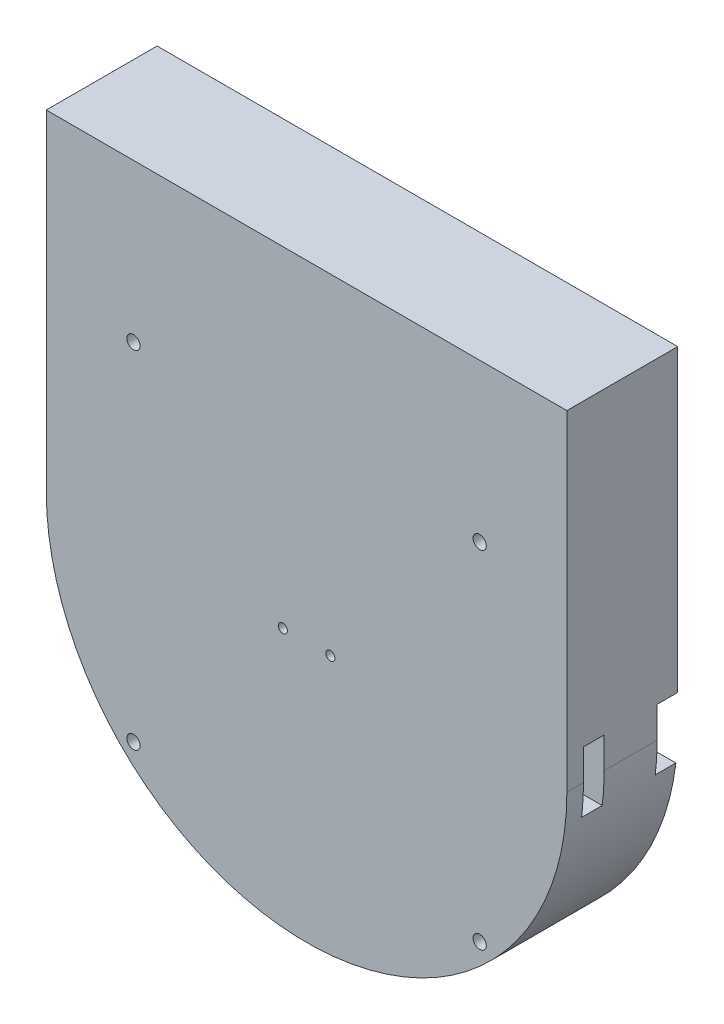
ISO-10303-21;
HEADER;
FILE_DESCRIPTION(('STEP AP214'),'2;1');
FILE_NAME('part.step','',(''),(''),'','','');
FILE_SCHEMA(('AUTOMOTIVE_DESIGN { 1 0 10303 214 1 1 1 1 }'));
ENDSEC;
DATA;
#1=APPLICATION_CONTEXT('core data for automotive mechanical design processes');
#2=APPLICATION_PROTOCOL_DEFINITION('international standard','automotive_design',2000,#1);
#3=PRODUCT_CONTEXT('',#1,'mechanical');
#4=PRODUCT('Part','Part','',(#3));
#5=PRODUCT_RELATED_PRODUCT_CATEGORY('part','',(#4));
#6=PRODUCT_DEFINITION_FORMATION('','',#4);
#7=PRODUCT_DEFINITION_CONTEXT('part definition',#1,'design');
#8=PRODUCT_DEFINITION('design','',#6,#7);
#9=PRODUCT_DEFINITION_SHAPE('','',#8);
#10=(LENGTH_UNIT() NAMED_UNIT(*) SI_UNIT(.MILLI.,.METRE.));
#11=(NAMED_UNIT(*) PLANE_ANGLE_UNIT() SI_UNIT($,.RADIAN.));
#12=(NAMED_UNIT(*) SI_UNIT($,.STERADIAN.) SOLID_ANGLE_UNIT());
#13=UNCERTAINTY_MEASURE_WITH_UNIT(LENGTH_MEASURE(1.E-05),#10,'distance_accuracy_value','');
#14=(GEOMETRIC_REPRESENTATION_CONTEXT(3) GLOBAL_UNCERTAINTY_ASSIGNED_CONTEXT((#13)) GLOBAL_UNIT_ASSIGNED_CONTEXT((#10,
#11,#12)) REPRESENTATION_CONTEXT('',''));
#15=CARTESIAN_POINT('',(0.,0.,0.));
#16=DIRECTION('',(0.,0.,1.));
#17=DIRECTION('',(1.,0.,0.));
#18=AXIS2_PLACEMENT_3D('',#15,#16,#17);
#19=CARTESIAN_POINT('',(0.,-1.18665937942703E-13,-22.8250000000006));
#20=DIRECTION('',(0.,0.,1.));
#21=DIRECTION('',(-0.707106781186544,0.70710678118655,0.));
#22=AXIS2_PLACEMENT_3D('',#19,#20,#21);
#23=PLANE('',#22);
#24=CARTESIAN_POINT('',(-41.8960767853027,41.896076785303,-22.8250000000007));
#25=DIRECTION('',(0.,0.,-1.));
#26=DIRECTION('',(0.,1.,0.));
#27=AXIS2_PLACEMENT_3D('',#24,#25,#26);
#28=CIRCLE('',#27,1.6000000000001);
#29=CARTESIAN_POINT('',(-41.8960767853027,43.4960767853031,-22.8250000000007));
#30=VERTEX_POINT('',#29);
#31=EDGE_CURVE('E293',#30,#30,#28,.F.);
#32=ORIENTED_EDGE('',*,*,#31,.T.);
#33=EDGE_LOOP('',(#32));
#34=FACE_BOUND('',#33,.T.);
#35=CARTESIAN_POINT('',(-41.8960767853031,-41.8960767853029,-22.8250000000006));
#36=DIRECTION('',(0.,0.,-1.));
#37=DIRECTION('',(0.,1.,0.));
#38=AXIS2_PLACEMENT_3D('',#35,#36,#37);
#39=CIRCLE('',#38,1.60000000000007);
#40=CARTESIAN_POINT('',(-41.8960767853031,-40.2960767853028,-22.8250000000006));
#41=VERTEX_POINT('',#40);
#42=EDGE_CURVE('E301',#41,#41,#39,.F.);
#43=ORIENTED_EDGE('',*,*,#42,.T.);
#44=EDGE_LOOP('',(#43));
#45=FACE_BOUND('',#44,.T.);
#46=CARTESIAN_POINT('',(41.8960767853028,-41.8960767853032,-22.8250000000005));
#47=DIRECTION('',(0.,0.,-1.));
#48=DIRECTION('',(0.,1.,0.));
#49=AXIS2_PLACEMENT_3D('',#46,#47,#48);
#50=CIRCLE('',#49,1.60000000000006);
#51=CARTESIAN_POINT('',(41.8960767853028,-40.2960767853032,-22.8250000000005));
#52=VERTEX_POINT('',#51);
#53=EDGE_CURVE('E292',#52,#52,#50,.F.);
#54=ORIENTED_EDGE('',*,*,#53,.T.);
#55=EDGE_LOOP('',(#54));
#56=FACE_BOUND('',#55,.T.);
#57=CARTESIAN_POINT('',(41.8960767853031,41.8960767853026,-22.8250000000007));
#58=DIRECTION('',(0.,0.,-1.));
#59=DIRECTION('',(0.,1.,0.));
#60=AXIS2_PLACEMENT_3D('',#57,#58,#59);
#61=CIRCLE('',#60,1.60000000000009);
#62=CARTESIAN_POINT('',(41.8960767853031,43.4960767853027,-22.8250000000007));
#63=VERTEX_POINT('',#62);
#64=EDGE_CURVE('E282',#63,#63,#61,.F.);
#65=ORIENTED_EDGE('',*,*,#64,.T.);
#66=EDGE_LOOP('',(#65));
#67=FACE_BOUND('',#66,.T.);
#68=CARTESIAN_POINT('',(0.,0.,-22.8250000000006));
#69=DIRECTION('',(0.,0.,-1.));
#70=DIRECTION('',(0.,1.,0.));
#71=AXIS2_PLACEMENT_3D('',#68,#69,#70);
#72=CIRCLE('',#71,55.);
#73=CARTESIAN_POINT('',(54.4862367942584,-7.5,-22.8250000000006));
#74=VERTEX_POINT('',#73);
#75=CARTESIAN_POINT('',(54.4862367942584,7.49999999999999,-22.8250000000008));
#76=VERTEX_POINT('',#75);
#77=EDGE_CURVE('E11',#74,#76,#72,.T.);
#78=ORIENTED_EDGE('',*,*,#77,.F.);
#79=DIRECTION('',(1.,0.,0.));
#80=VECTOR('',#79,1.);
#81=CARTESIAN_POINT('',(-63.001,-7.5,-22.8250000000008));
#82=LINE('',#81,#80);
#83=CARTESIAN_POINT('',(62.5519783859791,-7.5,-22.8250000000008));
#84=VERTEX_POINT('',#83);
#85=EDGE_CURVE('E195',#74,#84,#82,.T.);
#86=ORIENTED_EDGE('',*,*,#85,.T.);
#87=CARTESIAN_POINT('',(0.,0.,-22.8250000000006));
#88=DIRECTION('',(0.,0.,-1.));
#89=DIRECTION('',(0.,1.,0.));
#90=AXIS2_PLACEMENT_3D('',#87,#88,#89);
#91=CIRCLE('',#90,63.);
#92=CARTESIAN_POINT('',(-63.,0.,-22.8250000000007));
#93=VERTEX_POINT('',#92);
#94=EDGE_CURVE('E231',#84,#93,#91,.T.);
#95=ORIENTED_EDGE('',*,*,#94,.T.);
#96=DIRECTION('',(0.,1.,0.));
#97=VECTOR('',#96,1.);
#98=CARTESIAN_POINT('',(-63.,80.0000000000004,-22.8250000000008));
#99=LINE('',#98,#97);
#100=CARTESIAN_POINT('',(-63.,80.,-22.8250000000008));
#101=VERTEX_POINT('',#100);
#102=EDGE_CURVE('E226',#93,#101,#99,.T.);
#103=ORIENTED_EDGE('',*,*,#102,.T.);
#104=DIRECTION('',(1.,0.,0.));
#105=VECTOR('',#104,1.);
#106=CARTESIAN_POINT('',(-63.0000000000001,80.,-22.8250000000008));
#107=LINE('',#106,#105);
#108=CARTESIAN_POINT('',(63.,80.,-22.8250000000008));
#109=VERTEX_POINT('',#108);
#110=EDGE_CURVE('E235',#101,#109,#107,.T.);
#111=ORIENTED_EDGE('',*,*,#110,.T.);
#112=DIRECTION('',(0.,-1.,0.));
#113=VECTOR('',#112,1.);
#114=CARTESIAN_POINT('',(63.,80.0000000000004,-22.8250000000008));
#115=LINE('',#114,#113);
#116=CARTESIAN_POINT('',(63.,7.49999999999999,-22.8250000000008));
#117=VERTEX_POINT('',#116);
#118=EDGE_CURVE('E230',#109,#117,#115,.T.);
#119=ORIENTED_EDGE('',*,*,#118,.T.);
#120=DIRECTION('',(1.,0.,0.));
#121=VECTOR('',#120,1.);
#122=CARTESIAN_POINT('',(-63.001,7.49999999999999,-22.8250000000008));
#123=LINE('',#122,#121);
#124=EDGE_CURVE('E198',#76,#117,#123,.T.);
#125=ORIENTED_EDGE('',*,*,#124,.F.);
#126=EDGE_LOOP('',(#78,#86,#95,#103,#111,#119,#125));
#127=FACE_BOUND('',#126,.T.);
#128=CARTESIAN_POINT('',(-59.25,1.2490009027033E-13,-22.8250000000007));
#129=DIRECTION('',(0.,0.,-1.));
#130=DIRECTION('',(0.,1.,0.));
#131=AXIS2_PLACEMENT_3D('',#128,#129,#130);
#132=CIRCLE('',#131,1.60000000000008);
#133=CARTESIAN_POINT('',(-57.6499999999999,1.2490009027033E-13,-22.8250000000006));
#134=VERTEX_POINT('',#133);
#135=EDGE_CURVE('E317',#134,#134,#132,.T.);
#136=ORIENTED_EDGE('',*,*,#135,.F.);
#137=EDGE_LOOP('',(#136));
#138=FACE_BOUND('',#137,.T.);
#139=CARTESIAN_POINT('',(0.,59.2499999999999,-22.8250000000008));
#140=DIRECTION('',(0.,0.,-1.));
#141=DIRECTION('',(0.,1.,0.));
#142=AXIS2_PLACEMENT_3D('',#139,#140,#141);
#143=CIRCLE('',#142,1.60000000000012);
#144=CARTESIAN_POINT('',(1.60000000000008,59.2499999999999,-22.8250000000008));
#145=VERTEX_POINT('',#144);
#146=EDGE_CURVE('E311',#145,#145,#143,.T.);
#147=ORIENTED_EDGE('',*,*,#146,.F.);
#148=EDGE_LOOP('',(#147));
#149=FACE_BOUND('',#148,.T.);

★ ★ ★ ★

## [Your instructions]
An exact copy is needed of the lines from the one containing "#109=VERTEX_POINT('',#108);" through the end of the records.

## [Solution for this task]
#109=VERTEX_POINT('',#108);
#110=EDGE_CURVE('E235',#101,#109,#107,.T.);
#111=ORIENTED_EDGE('',*,*,#110,.T.);
#112=DIRECTION('',(0.,-1.,0.));
#113=VECTOR('',#112,1.);
#114=CARTESIAN_POINT('',(63.,80.0000000000004,-22.8250000000008));
#115=LINE('',#114,#113);
#116=CARTESIAN_POINT('',(63.,7.49999999999999,-22.8250000000008));
#117=VERTEX_POINT('',#116);
#118=EDGE_CURVE('E230',#109,#117,#115,.T.);
#119=ORIENTED_EDGE('',*,*,#118,.T.);
#120=DIRECTION('',(1.,0.,0.));
#121=VECTOR('',#120,1.);
#122=CARTESIAN_POINT('',(-63.001,7.49999999999999,-22.8250000000008));
#123=LINE('',#122,#121);
#124=EDGE_CURVE('E198',#76,#117,#123,.T.);
#125=ORIENTED_EDGE('',*,*,#124,.F.);
#126=EDGE_LOOP('',(#78,#86,#95,#103,#111,#119,#125));
#127=FACE_BOUND('',#126,.T.);
#128=CARTESIAN_POINT('',(-59.25,1.2490009027033E-13,-22.8250000000007));
#129=DIRECTION('',(0.,0.,-1.));
#130=DIRECTION('',(0.,1.,0.));
#131=AXIS2_PLACEMENT_3D('',#128,#129,#130);
#132=CIRCLE('',#131,1.60000000000008);
#133=CARTESIAN_POINT('',(-57.6499999999999,1.2490009027033E-13,-22.8250000000006));
#134=VERTEX_POINT('',#133);
#135=EDGE_CURVE('E317',#134,#134,#132,.T.);
#136=ORIENTED_EDGE('',*,*,#135,.F.);
#137=EDGE_LOOP('',(#136));
#138=FACE_BOUND('',#137,.T.);
#139=CARTESIAN_POINT('',(0.,59.2499999999999,-22.8250000000008));
#140=DIRECTION('',(0.,0.,-1.));
#141=DIRECTION('',(0.,1.,0.));
#142=AXIS2_PLACEMENT_3D('',#139,#140,#141);
#143=CIRCLE('',#142,1.60000000000012);
#144=CARTESIAN_POINT('',(1.60000000000008,59.2499999999999,-22.8250000000008));
#145=VERTEX_POINT('',#144);
#146=EDGE_CURVE('E311',#145,#145,#143,.T.);
#147=ORIENTED_EDGE('',*,*,#146,.F.);
#148=EDGE_LOOP('',(#147));
#149=FACE_BOUND('',#148,.T.);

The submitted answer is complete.